Report each line of the entries that includes "Denominator" by copying it.
··········
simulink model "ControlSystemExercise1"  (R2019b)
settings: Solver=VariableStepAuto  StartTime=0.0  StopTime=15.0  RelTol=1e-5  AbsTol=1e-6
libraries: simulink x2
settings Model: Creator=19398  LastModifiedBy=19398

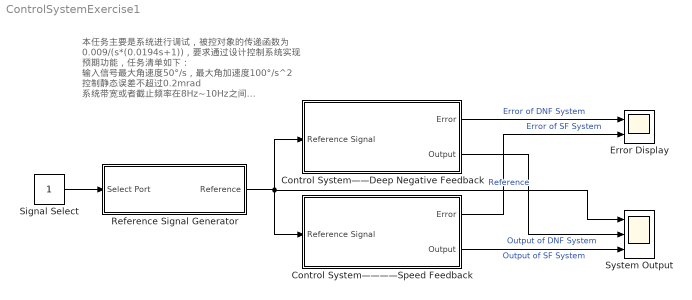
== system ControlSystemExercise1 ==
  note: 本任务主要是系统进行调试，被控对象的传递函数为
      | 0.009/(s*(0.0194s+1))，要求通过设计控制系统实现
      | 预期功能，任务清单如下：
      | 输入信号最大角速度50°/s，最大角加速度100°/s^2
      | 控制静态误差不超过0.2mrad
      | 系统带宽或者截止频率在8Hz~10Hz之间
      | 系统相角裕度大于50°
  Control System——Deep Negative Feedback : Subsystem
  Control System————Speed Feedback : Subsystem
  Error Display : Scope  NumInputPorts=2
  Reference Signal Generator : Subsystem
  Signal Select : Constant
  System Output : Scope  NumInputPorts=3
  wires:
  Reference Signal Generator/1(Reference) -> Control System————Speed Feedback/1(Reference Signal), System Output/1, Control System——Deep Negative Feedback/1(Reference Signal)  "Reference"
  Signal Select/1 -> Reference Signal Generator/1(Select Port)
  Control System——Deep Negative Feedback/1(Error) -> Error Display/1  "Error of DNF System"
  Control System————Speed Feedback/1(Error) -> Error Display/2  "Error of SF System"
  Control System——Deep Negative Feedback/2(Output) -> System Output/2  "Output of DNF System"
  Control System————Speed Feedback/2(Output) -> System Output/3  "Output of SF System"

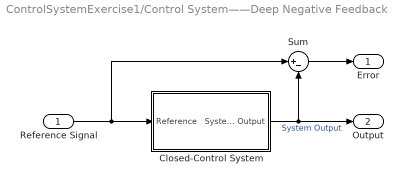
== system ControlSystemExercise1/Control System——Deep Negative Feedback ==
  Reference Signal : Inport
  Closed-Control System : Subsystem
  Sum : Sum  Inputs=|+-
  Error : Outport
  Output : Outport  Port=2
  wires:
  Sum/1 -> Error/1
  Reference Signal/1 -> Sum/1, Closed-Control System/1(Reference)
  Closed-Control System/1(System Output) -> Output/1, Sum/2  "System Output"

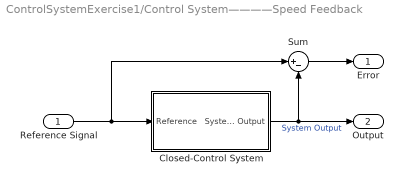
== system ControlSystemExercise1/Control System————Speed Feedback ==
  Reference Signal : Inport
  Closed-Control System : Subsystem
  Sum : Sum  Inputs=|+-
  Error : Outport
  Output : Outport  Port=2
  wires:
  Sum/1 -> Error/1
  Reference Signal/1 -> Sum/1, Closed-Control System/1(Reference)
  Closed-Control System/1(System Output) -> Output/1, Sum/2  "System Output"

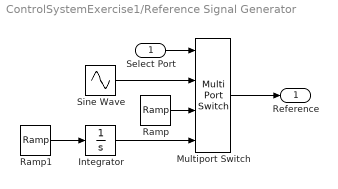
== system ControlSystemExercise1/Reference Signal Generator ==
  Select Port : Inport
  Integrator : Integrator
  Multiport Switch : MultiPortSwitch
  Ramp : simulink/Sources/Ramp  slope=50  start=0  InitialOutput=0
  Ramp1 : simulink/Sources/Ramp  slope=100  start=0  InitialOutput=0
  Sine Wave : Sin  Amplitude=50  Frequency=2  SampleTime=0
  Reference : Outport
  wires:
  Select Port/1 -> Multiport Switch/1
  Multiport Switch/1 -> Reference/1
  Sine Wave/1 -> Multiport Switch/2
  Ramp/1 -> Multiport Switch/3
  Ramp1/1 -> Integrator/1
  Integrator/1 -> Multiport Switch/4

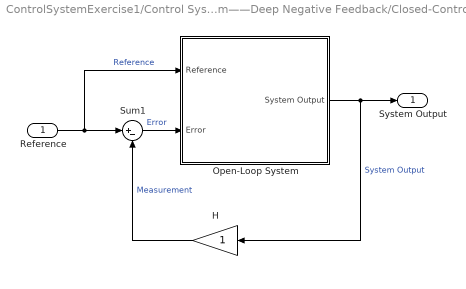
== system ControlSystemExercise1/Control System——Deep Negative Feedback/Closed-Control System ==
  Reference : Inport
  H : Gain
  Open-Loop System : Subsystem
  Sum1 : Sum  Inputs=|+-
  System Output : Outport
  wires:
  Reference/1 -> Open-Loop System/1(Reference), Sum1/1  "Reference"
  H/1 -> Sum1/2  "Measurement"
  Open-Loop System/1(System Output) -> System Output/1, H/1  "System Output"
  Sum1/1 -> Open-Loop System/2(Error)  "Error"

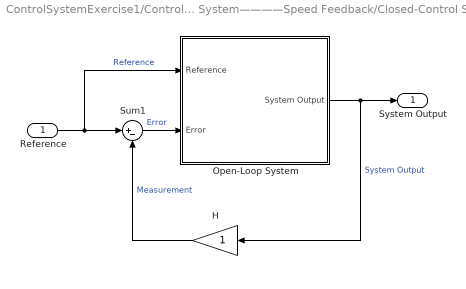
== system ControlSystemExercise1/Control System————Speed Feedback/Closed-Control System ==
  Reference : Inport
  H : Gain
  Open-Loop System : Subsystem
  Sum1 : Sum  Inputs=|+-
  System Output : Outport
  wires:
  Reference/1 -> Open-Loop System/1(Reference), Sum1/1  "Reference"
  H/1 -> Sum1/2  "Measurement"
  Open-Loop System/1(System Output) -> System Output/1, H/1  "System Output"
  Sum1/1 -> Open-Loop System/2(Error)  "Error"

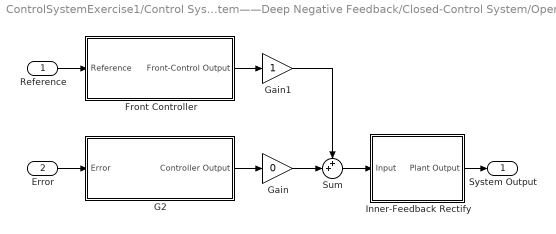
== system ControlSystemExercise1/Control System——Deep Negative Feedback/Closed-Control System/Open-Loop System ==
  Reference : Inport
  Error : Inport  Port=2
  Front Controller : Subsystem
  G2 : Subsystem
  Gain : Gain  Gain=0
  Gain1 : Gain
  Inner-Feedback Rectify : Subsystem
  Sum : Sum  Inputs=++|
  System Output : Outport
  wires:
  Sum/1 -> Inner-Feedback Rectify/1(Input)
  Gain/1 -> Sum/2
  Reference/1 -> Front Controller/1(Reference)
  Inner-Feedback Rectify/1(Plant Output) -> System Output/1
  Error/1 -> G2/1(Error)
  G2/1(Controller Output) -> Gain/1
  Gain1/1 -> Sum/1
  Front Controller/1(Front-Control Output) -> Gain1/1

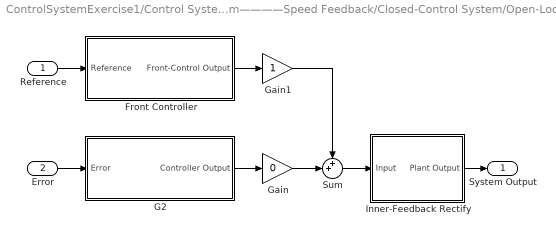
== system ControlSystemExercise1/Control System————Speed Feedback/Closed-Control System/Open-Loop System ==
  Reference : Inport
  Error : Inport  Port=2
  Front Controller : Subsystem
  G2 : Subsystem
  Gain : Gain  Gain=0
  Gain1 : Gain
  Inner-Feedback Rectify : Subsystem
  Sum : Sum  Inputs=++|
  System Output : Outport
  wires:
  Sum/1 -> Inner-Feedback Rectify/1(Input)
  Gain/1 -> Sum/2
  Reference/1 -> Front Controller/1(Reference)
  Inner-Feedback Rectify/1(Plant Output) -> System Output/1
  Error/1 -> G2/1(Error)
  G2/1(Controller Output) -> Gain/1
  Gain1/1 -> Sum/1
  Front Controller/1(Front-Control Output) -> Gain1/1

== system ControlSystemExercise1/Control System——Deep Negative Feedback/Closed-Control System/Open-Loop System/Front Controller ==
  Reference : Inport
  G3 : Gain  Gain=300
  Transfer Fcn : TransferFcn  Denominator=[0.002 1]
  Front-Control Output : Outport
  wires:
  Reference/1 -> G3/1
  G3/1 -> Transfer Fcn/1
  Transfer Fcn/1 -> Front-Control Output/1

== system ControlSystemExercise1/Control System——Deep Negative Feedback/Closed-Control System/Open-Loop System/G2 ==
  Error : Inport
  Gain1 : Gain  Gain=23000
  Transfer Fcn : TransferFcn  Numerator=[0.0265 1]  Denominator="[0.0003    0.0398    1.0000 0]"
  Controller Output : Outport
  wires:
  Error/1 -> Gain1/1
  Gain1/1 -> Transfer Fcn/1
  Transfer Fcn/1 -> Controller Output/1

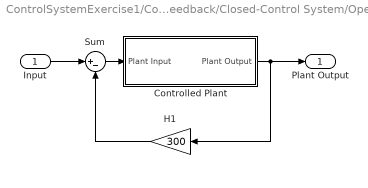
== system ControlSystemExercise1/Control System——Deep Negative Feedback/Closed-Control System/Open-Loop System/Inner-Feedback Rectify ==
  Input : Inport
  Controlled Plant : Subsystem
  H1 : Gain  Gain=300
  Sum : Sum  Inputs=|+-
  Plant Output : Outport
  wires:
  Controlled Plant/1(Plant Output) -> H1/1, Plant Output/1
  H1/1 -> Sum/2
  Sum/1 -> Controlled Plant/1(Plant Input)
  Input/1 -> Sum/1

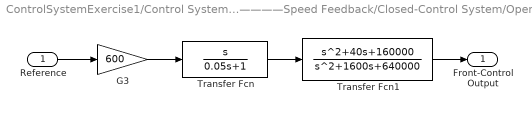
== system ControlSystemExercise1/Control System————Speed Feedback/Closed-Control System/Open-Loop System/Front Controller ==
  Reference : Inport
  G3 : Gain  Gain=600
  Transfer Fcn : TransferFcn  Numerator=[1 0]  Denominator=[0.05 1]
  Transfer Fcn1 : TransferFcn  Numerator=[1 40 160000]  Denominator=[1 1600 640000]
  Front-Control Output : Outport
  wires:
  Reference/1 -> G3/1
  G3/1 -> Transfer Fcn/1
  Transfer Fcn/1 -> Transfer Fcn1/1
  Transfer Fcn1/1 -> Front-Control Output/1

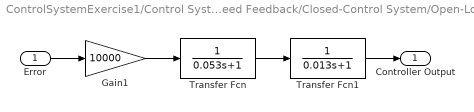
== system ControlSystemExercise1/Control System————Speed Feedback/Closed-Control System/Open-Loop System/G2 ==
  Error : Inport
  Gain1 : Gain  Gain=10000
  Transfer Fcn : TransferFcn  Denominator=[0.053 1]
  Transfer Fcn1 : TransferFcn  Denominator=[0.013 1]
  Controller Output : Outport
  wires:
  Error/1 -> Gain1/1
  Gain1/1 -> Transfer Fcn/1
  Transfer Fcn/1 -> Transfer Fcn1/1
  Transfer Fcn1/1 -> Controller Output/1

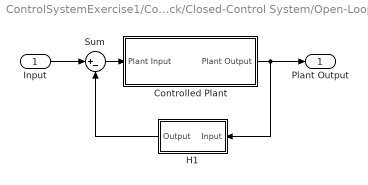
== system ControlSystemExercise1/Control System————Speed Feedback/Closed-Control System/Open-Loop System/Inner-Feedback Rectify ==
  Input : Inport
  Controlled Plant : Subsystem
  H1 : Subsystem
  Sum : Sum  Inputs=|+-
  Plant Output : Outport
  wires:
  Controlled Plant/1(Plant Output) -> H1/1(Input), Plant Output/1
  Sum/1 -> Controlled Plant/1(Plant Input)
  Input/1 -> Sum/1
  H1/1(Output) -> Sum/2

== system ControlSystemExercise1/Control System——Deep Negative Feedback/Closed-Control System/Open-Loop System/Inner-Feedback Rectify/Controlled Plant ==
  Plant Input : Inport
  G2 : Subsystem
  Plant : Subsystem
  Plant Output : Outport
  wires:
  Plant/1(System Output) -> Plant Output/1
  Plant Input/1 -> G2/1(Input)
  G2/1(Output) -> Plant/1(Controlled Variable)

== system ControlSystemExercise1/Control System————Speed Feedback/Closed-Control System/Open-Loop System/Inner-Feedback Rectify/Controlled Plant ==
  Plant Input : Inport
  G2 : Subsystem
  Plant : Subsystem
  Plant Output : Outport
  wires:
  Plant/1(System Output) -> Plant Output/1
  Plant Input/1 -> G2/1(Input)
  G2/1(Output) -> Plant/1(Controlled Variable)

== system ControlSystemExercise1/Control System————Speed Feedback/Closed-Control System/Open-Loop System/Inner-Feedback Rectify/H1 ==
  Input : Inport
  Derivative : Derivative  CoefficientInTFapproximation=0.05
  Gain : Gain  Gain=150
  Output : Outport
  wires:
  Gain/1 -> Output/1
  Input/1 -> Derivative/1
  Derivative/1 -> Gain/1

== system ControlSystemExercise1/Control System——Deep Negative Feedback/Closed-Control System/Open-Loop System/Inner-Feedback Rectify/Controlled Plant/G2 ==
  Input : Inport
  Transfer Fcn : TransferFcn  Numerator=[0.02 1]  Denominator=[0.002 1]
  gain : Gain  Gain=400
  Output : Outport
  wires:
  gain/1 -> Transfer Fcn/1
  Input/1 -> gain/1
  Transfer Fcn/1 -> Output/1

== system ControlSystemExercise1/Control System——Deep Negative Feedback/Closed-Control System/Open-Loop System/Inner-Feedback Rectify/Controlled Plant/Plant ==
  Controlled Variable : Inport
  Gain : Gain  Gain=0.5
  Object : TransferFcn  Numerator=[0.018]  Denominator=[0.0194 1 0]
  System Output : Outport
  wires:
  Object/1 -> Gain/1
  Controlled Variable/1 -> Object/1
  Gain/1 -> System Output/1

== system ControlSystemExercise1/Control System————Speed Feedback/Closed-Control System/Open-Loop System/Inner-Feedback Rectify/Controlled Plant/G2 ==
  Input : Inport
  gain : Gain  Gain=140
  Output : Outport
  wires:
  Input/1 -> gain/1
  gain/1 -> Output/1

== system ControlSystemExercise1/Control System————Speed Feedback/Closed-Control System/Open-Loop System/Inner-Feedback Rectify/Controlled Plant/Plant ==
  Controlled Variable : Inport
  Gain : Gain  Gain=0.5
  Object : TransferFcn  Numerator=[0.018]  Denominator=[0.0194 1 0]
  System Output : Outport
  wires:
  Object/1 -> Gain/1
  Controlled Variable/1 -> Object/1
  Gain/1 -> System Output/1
··········
_Solution to this problem_
  Transfer Fcn : TransferFcn  Denominator=[0.002 1]
  Transfer Fcn : TransferFcn  Numerator=[0.0265 1]  Denominator="[0.0003    0.0398    1.0000 0]"
  Transfer Fcn : TransferFcn  Numerator=[1 0]  Denominator=[0.05 1]
  Transfer Fcn1 : TransferFcn  Numerator=[1 40 160000]  Denominator=[1 1600 640000]
  Transfer Fcn : TransferFcn  Denominator=[0.053 1]
  Transfer Fcn1 : TransferFcn  Denominator=[0.013 1]
  Transfer Fcn : TransferFcn  Numerator=[0.02 1]  Denominator=[0.002 1]
  Object : TransferFcn  Numerator=[0.018]  Denominator=[0.0194 1 0]
  Object : TransferFcn  Numerator=[0.018]  Denominator=[0.0194 1 0]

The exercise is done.